En ce mercredi des Cendres, l'actuelle campagne de François Fillon part en fumée. Peu avant midi, ce mercredi matin, dans les locaux du QG de campagne de François Fillon, une scène a été immortalisée par un journaliste du Figaro, présent parmi la foule qui attendait le candidat. Un portrait de François Fillon en plein discours, chemise bleue, pantalon beige et drapeau français en arrière-plan, est tombé du mur. Plusieurs personnes ont tenté de le raccrocher, avant que quelqu'un ne les décourage de le faire: "ça ne sert à rien, arrêtez".

Depuis plusieurs semaines maintenant, le candidat de la droite est pris dans des contradictions qui rendent sa campagne impossible. Quand il essaye par exemple de se rendre présent sur le terrain, il est accueilli par le son des casseroles qu'on frappe en signe de contestation. Depuis son QG de campagne, avec près d'une demi-heure de retard, le candidat de la droite a confirmé qu'il était convoqué par les juges d'instruction le 15 mars en vue d'une mise en examen.

Se présentant comme une victime des juges et de la justice, il a précisé qu'il se rendrait à la convocation, et qu'il maintenait sa candidature. Mais il n'a pas d'autre choix pour cela que de relancer et repenser - une nouvelle fois - sa campagne, alors que le calendrier judiciaire suivra son cours, rendant les semaines à venir encore plus incertaines. 

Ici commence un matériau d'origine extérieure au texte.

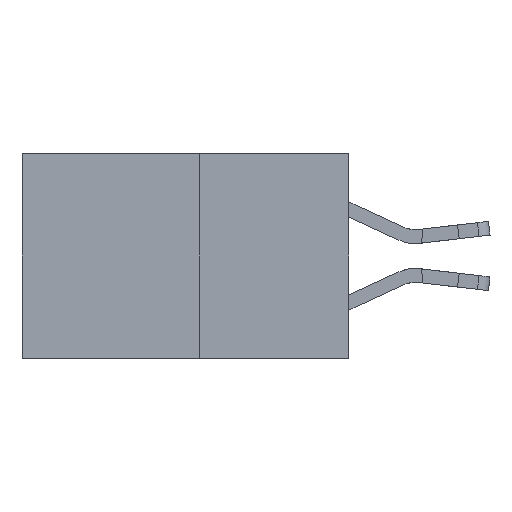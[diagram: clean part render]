
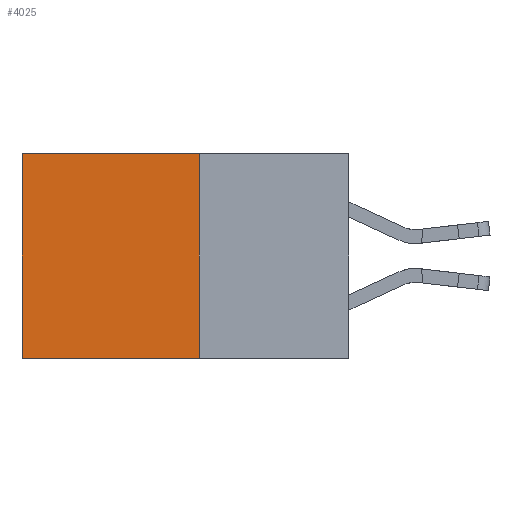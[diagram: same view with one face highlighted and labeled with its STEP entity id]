
A CAD part, left-side view. The second image highlights one B-rep face of the part: STEP entity #4025.
In plain terms, the highlighted planar face has unit normal (-1, 0, 0).
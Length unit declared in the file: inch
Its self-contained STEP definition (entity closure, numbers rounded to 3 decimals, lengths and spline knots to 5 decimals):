
#2635 = DIRECTION ( 'NONE',  ( 0., 1., 0. ) ) ;
#2651 = DIRECTION ( 'NONE',  ( 0., 0., -1. ) ) ;
#2882 = LINE ( 'NONE', #4687, #6070 ) ;
#3401 = AXIS2_PLACEMENT_3D ( 'NONE', #8185, #7764, #7057 ) ;
#3890 = VERTEX_POINT ( 'NONE', #9326 ) ;
#4025 = ADVANCED_FACE ( 'NONE', ( #12050 ), #8205, .F. ) ;
#4687 = CARTESIAN_POINT ( 'NONE',  ( 0.277, 0.27, -0.37 ) ) ;
#4991 = CARTESIAN_POINT ( 'NONE',  ( 0.277, 0.27, -0.37 ) ) ;
#5736 = VECTOR ( 'NONE', #2651, 39.37008 ) ;
#6070 = VECTOR ( 'NONE', #13902, 39.37008 ) ;
#6223 = VERTEX_POINT ( 'NONE', #4991 ) ;
#6299 = EDGE_CURVE ( 'NONE', #3890, #6223, #9704, .T. ) ;
#6934 = ORIENTED_EDGE ( 'NONE', *, *, #12053, .F. ) ;
#7057 = DIRECTION ( 'NONE',  ( 0., 0., -1. ) ) ;
#7158 = EDGE_LOOP ( 'NONE', ( #11104, #6934, #11723, #8959 ) ) ;
#7764 = DIRECTION ( 'NONE',  ( 1., 0., 0. ) ) ;
#8185 = CARTESIAN_POINT ( 'NONE',  ( 0.277, 0.27, -0.37 ) ) ;
#8205 = PLANE ( 'NONE',  #3401 ) ;
#8484 = LINE ( 'NONE', #9270, #15386 ) ;
#8959 = ORIENTED_EDGE ( 'NONE', *, *, #14365, .T. ) ;
#8984 = VERTEX_POINT ( 'NONE', #10063 ) ;
#9258 = EDGE_CURVE ( 'NONE', #16132, #8984, #12789, .T. ) ;
#9270 = CARTESIAN_POINT ( 'NONE',  ( 0.277, 0.27, 0. ) ) ;
#9326 = CARTESIAN_POINT ( 'NONE',  ( 0.277, 0.27, 0. ) ) ;
#9704 = LINE ( 'NONE', #16574, #16165 ) ;
#10063 = CARTESIAN_POINT ( 'NONE',  ( 0.277, 0.59, -0.37 ) ) ;
#10528 = CARTESIAN_POINT ( 'NONE',  ( 0.277, 0.59, 0. ) ) ;
#11104 = ORIENTED_EDGE ( 'NONE', *, *, #9258, .T. ) ;
#11723 = ORIENTED_EDGE ( 'NONE', *, *, #6299, .F. ) ;
#12003 = CARTESIAN_POINT ( 'NONE',  ( 0.277, 0.59, -0.37 ) ) ;
#12050 = FACE_OUTER_BOUND ( 'NONE', #7158, .T. ) ;
#12053 = EDGE_CURVE ( 'NONE', #6223, #8984, #2882, .T. ) ;
#12789 = LINE ( 'NONE', #12003, #5736 ) ;
#13902 = DIRECTION ( 'NONE',  ( 0., 1., 0. ) ) ;
#14365 = EDGE_CURVE ( 'NONE', #3890, #16132, #8484, .T. ) ;
#15386 = VECTOR ( 'NONE', #2635, 39.37008 ) ;
#15700 = DIRECTION ( 'NONE',  ( 0., 0., -1. ) ) ;
#16132 = VERTEX_POINT ( 'NONE', #10528 ) ;
#16165 = VECTOR ( 'NONE', #15700, 39.37008 ) ;
#16574 = CARTESIAN_POINT ( 'NONE',  ( 0.277, 0.27, -0.37 ) ) ;

Une fracture dans le camp Fillon

Avant cette annonce fracassante, François Fillon s'est entretenu avec Alain Juppé et Nicolas Sarkozy. Comme le rapporte Ruth Elkrief sur BFMTV, ce dernier lui a conseillé de changer de stratégie, d'associer davantage le parti dans sa campagne. Preuve de ce manque de communication et de partage, les proches du candidat n'ont pas été prévenus de l'annulation de sa visite au Salon de l'agriculture mercredi matin.

Lors de son intervention au QG, c'est en présence des ténors de Les Républicains qu'il est monté à la tribune à la mi-journée. Il pourrait donc commencer à appliquer ces conseils, et modifier également son équipe de campagne. D'autant que sa décision n'est pas forcément du goût de tous, au sein de son organigramme: Bruno Le Maire a annoncé en début d'après-midi qu'il démissionnait de ses fonctions de représentant pour les affaires européennes et internationales. Au nom du "respect de la parole donnée", a-t-il précisé. Une référence au fait que François Fillon avait promis de se retirer s'il était mis en examen.

Les limites d'une campagne à huis clos

Jusque-là, François Fillon a essayé d'être plus présent sur le terrain. Son équipe a tenté de modeler au millimètre près une campagne sur mesure, qui lui permette de poursuivre sa course tout en le protégeant des contestations bruyantes. Ce qui donne "l'impression d'une demi-campagne", selon l'expression de Camille Langlade, journaliste politique à BFMTV.

"C'est une quasi campagne à huis clos, quand il se déplace c'est très encadré", analyse-t-elle, "autour de tables rondes et de rencontres avec des élus locaux". Ses déplacements sont, en nombre, très réduits par rapport à ceux d'un Benoît Hamon, d'un Emmanuel Macron ou même d'un François Hollande qui, lui, n'est pourtant pas en campagne. François Fillon est devenu un "candidat bunkérisé".

"Il ne parle quasiment plus aux journalistes, poursuit Camille Langlade, cela fait trois semaines qu'il n'a pas répondu à une interview télé ou radio. Cela permet d'éviter les questions auxquelles il ne veut pas répondre." Lors de son déplacement à Meaux lundi pour retrouver Jean-François Copé, c'était d'ailleurs la première fois depuis longtemps que François Fillon répondait à des journalistes sur une question ne portant pas explicitement sur le déplacement.

Le candidat LR avait alors qualifié la campagne de "quasi-guerre civile", ciblant "l'extrême gauche" et demandant au gouvernement d'assurer sa sécurité.